WHAT YOU NEED TO DO:
Look for the word "schematic" in the material below, then report each line where it occurs.

DATA SUPPLIED:
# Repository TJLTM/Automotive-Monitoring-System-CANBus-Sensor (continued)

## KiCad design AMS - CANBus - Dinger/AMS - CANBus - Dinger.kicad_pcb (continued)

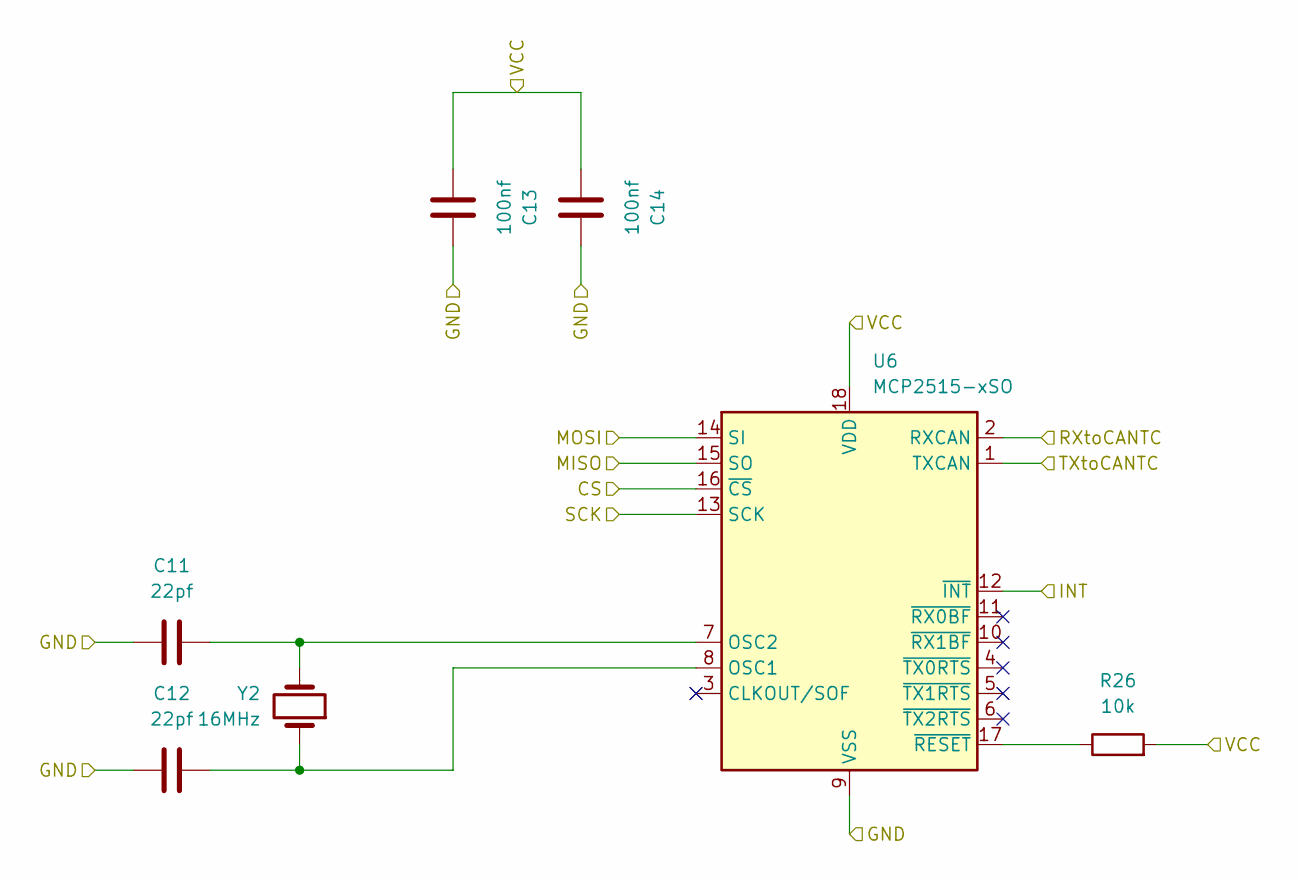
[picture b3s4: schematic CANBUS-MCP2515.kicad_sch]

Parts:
C11, C12: 22pf; C_1206_3216Metric_Pad1.33x1.80mm_HandSolder
C13, C14: 100nf; C_1206_3216Metric_Pad1.33x1.80mm_HandSolder
R26: 10k; R_1206_3216Metric_Pad1.30x1.75mm_HandSolder
U6: MCP2515-xSO; SOIC-18W_7.5x11.6mm_P1.27mm
Y2: 16MHz; Crystal_HC49-U_Vertical

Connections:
+5V: C13.1, C14.1, R26.2, U6.18 (VDD); also elsewhere on the board
/CANBUS-MCP2515/RXtoCANTC: U6.2 (RXCAN); also elsewhere on the board
/CANBUS-MCP2515/TXtoCANTC: U6.1 (TXCAN); also elsewhere on the board
D8: U6.12 (~INT); also elsewhere on the board
D10: U6.16 (~CS); also elsewhere on the board
GND: C11.2, C12.2, C13.2, C14.2, U6.9 (VSS); also elsewhere on the board
MISO: U6.15 (SO); also elsewhere on the board
MOSI: U6.14 (SI); also elsewhere on the board
unnamed: C12.1, U6.8 (OSC1), Y2.1
unnamed: C11.1, U6.7 (OSC2), Y2.2
unnamed: R26.1, U6.17 (~RESET)
SCK: U6.13 (SCK); also elsewhere on the board

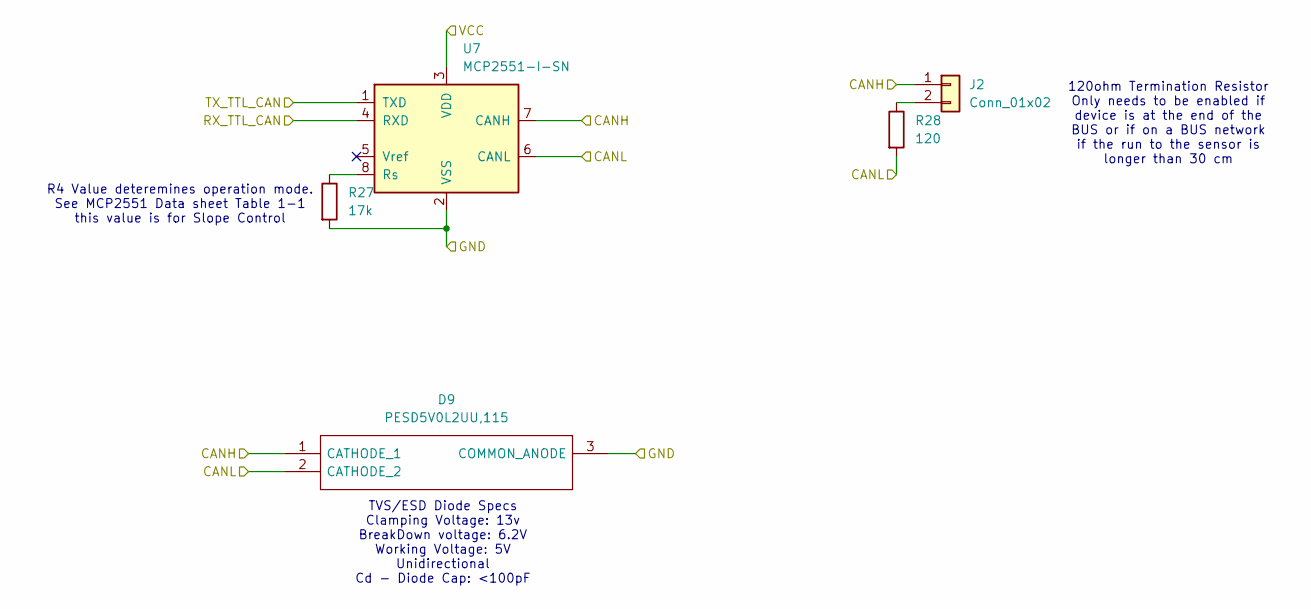
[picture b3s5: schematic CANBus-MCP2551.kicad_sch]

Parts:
D9: PESD5V0L2UU,115; SOT65P210X110-3N; Mouser Part Number 771-PESD5V0L2UU115
J2: Conn_01x02; PinHeader_1x02_P2.54mm_Vertical
R27: 17k; R_Axial_DIN0204_L3.6mm_D1.6mm_P1.90mm_Vertical
R28: 120; R_Axial_DIN0204_L3.6mm_D1.6mm_P1.90mm_Vertical
U7: MCP2551-I-SN; SOIC-8_3.9x4.9mm_P1.27mm

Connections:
+5V: U7.3 (VDD); also elsewhere on the board
/CANBUS-MCP2515/RXtoCANTC: U7.4 (RXD); also elsewhere on the board
/CANBUS-MCP2515/TXtoCANTC: U7.1 (TXD); also elsewhere on the board
CANBUS_H: D9.1 (CATHODE_1), J2.1, U7.7 (CANH); also elsewhere on the board
CANBUS_L: D9.2 (CATHODE_2), R28.2, U7.6 (CANL); also elsewhere on the board
GND: D9.3 (COMMON_ANODE), R27.2, U7.2 (VSS); also elsewhere on the board
unnamed: J2.2, R28.1
unnamed: R27.1, U7.8 (Rs)

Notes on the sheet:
TVS/ESD Diode Specs Clamping Voltage: 13v BreakDown voltage: 6.2V Working Voltage: 5V Unidirectional Cd - Diode Cap: <100pF
R4 Value deteremines operation mode. See MCP2551 Data sheet Table 1-1 this value is for Slope Control
120ohm Termination Resistor Only needs to be enabled if device is at the end of the BUS or if on a BUS network if the run to the sensor is longer than 30 cm

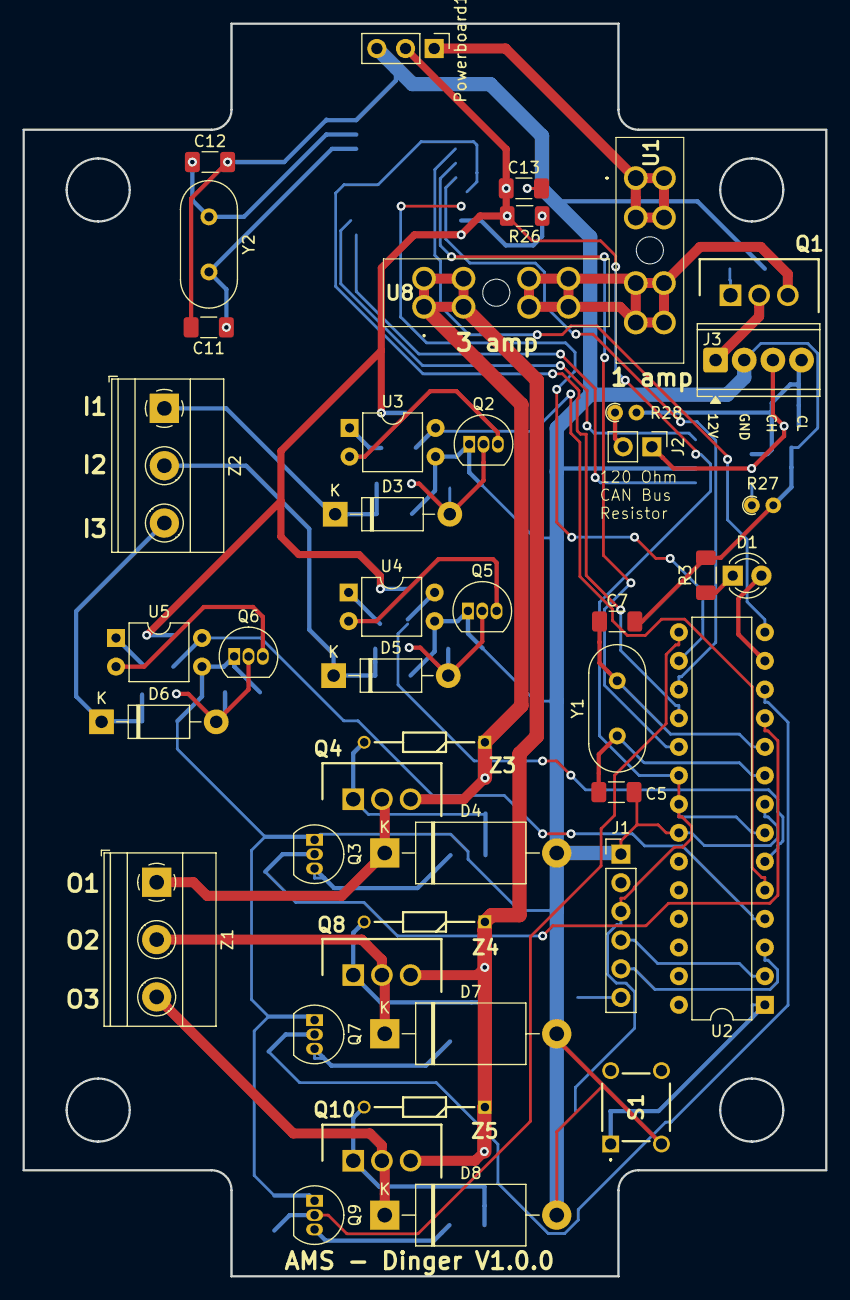
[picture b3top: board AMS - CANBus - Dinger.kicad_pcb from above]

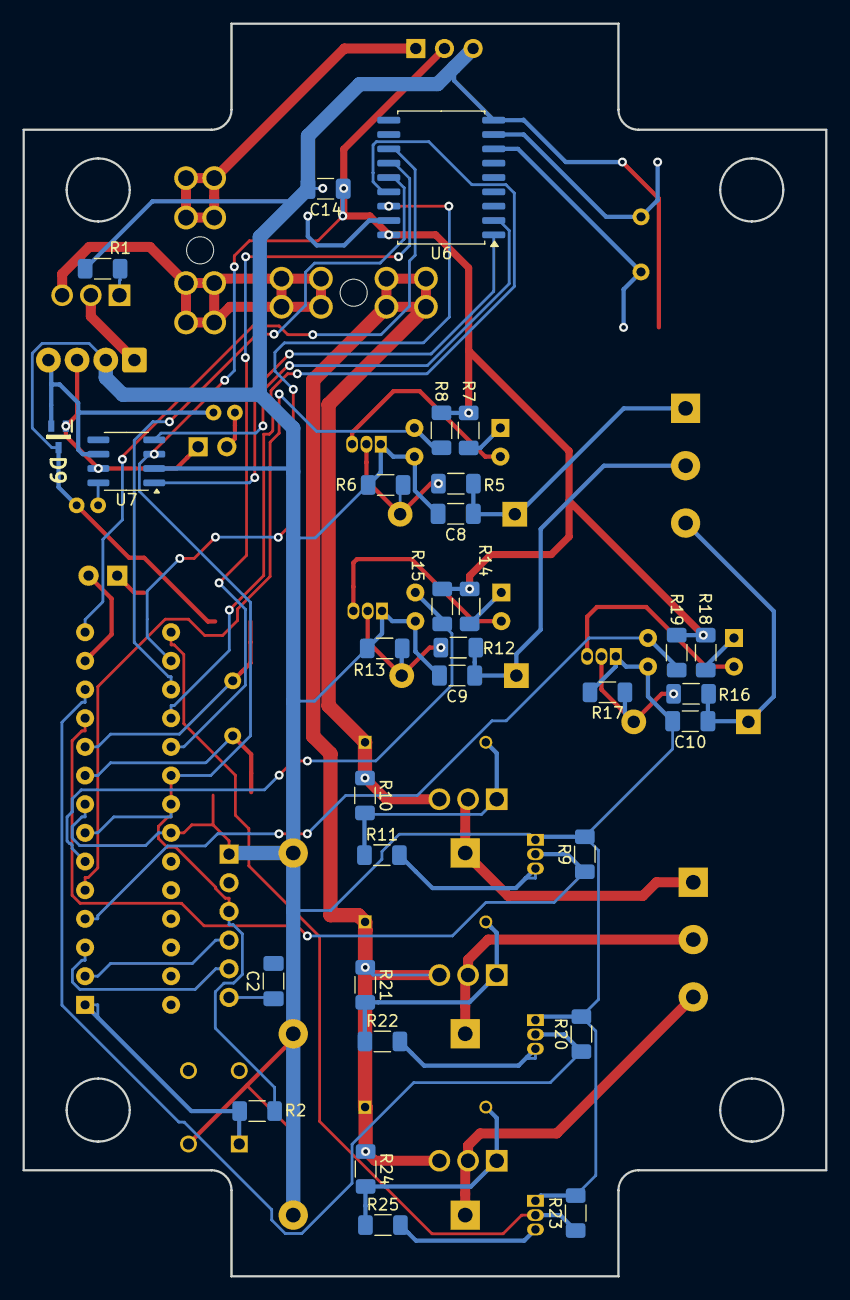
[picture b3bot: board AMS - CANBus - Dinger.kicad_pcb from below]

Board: 2 copper layers, 71.1 x 111.0 mm, 75 parts (31 on the bottom side), 56 nets.

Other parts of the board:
Q9: 2N7000; TO-92_Inline
R20: 1M; R_1206_3216Metric_Pad1.30x1.75mm_HandSolder

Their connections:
GND: Q9.1 (S), R20.2; also elsewhere on the board
unnamed 39: Q9.3 (D); also elsewhere on the board
Output2: R20.1; also elsewhere on the board
Output3: Q9.2 (G); also elsewhere on the board

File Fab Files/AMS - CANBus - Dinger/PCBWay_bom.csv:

Designator,Quantity,Value,Footprint,Package,MPN,DNP,Mount_Type,Description,Height,Mouser Part Number,Mouser Price/Stock,Manufacturer_Name
"C10, C8, C9",3,220nF,C_1206_3216Metric_Pad1.33x1.80mm_HandSolder,,,,smt,,,,,
"C11, C12",2,22pf,C_1206_3216Metric_Pad1.33x1.80mm_HandSolder,,,,smt,Unpolarized capacitor,,,,
"C13, C14, C2",3,100nf,C_1206_3216Metric_Pad1.33x1.80mm_HandSolder,,,,smt,Unpolarized capacitor,,,,
"C5, C7",2,22pF,C_1206_3216Metric_Pad1.33x1.80mm_HandSolder,,,,smt,,,,,
D1,1,LED,LED_D3.0mm,,,,tht,,,,,
"D3, D5, D6",3,1N4007,D_DO-41_SOD81_P10.16mm_Horizontal,,,,tht,,,,,
"D4, D7, D8",3,STPS3150RL,D_DO-201_P15.24mm_Horizontal,,,,tht,,,,,
D9,1,"PESD5V0L2UU,115",SOT65P210X110-3N,,"PESD5V0L2UU,115",,smt,"Nexperia PESD5V0L2UU,115, Dual-Element Uni-Directional ESD Protection Diode, 70W, 3-Pin SOT-323",1.1,771-PESD5V0L2UU115,https://www.mouser.co.uk/ProductDetail/Nexperia/PESD5V0L2UU1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,Nexperia
J1,1,TTL_Programmer,PinHeader_1x06_P2.54mm_Vertical,,,,tht,"Generic connector, single row, 01x06, script generated (kicad-library-utils/schlib/autogen/connector/)",,,,
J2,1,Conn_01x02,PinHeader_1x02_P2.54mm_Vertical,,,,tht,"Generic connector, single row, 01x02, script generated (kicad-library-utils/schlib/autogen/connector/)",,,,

WRITTEN ANSWER:
[picture b3s4: schematic CANBUS-MCP2515.kicad_sch]
[picture b3s5: schematic CANBus-MCP2551.kicad_sch]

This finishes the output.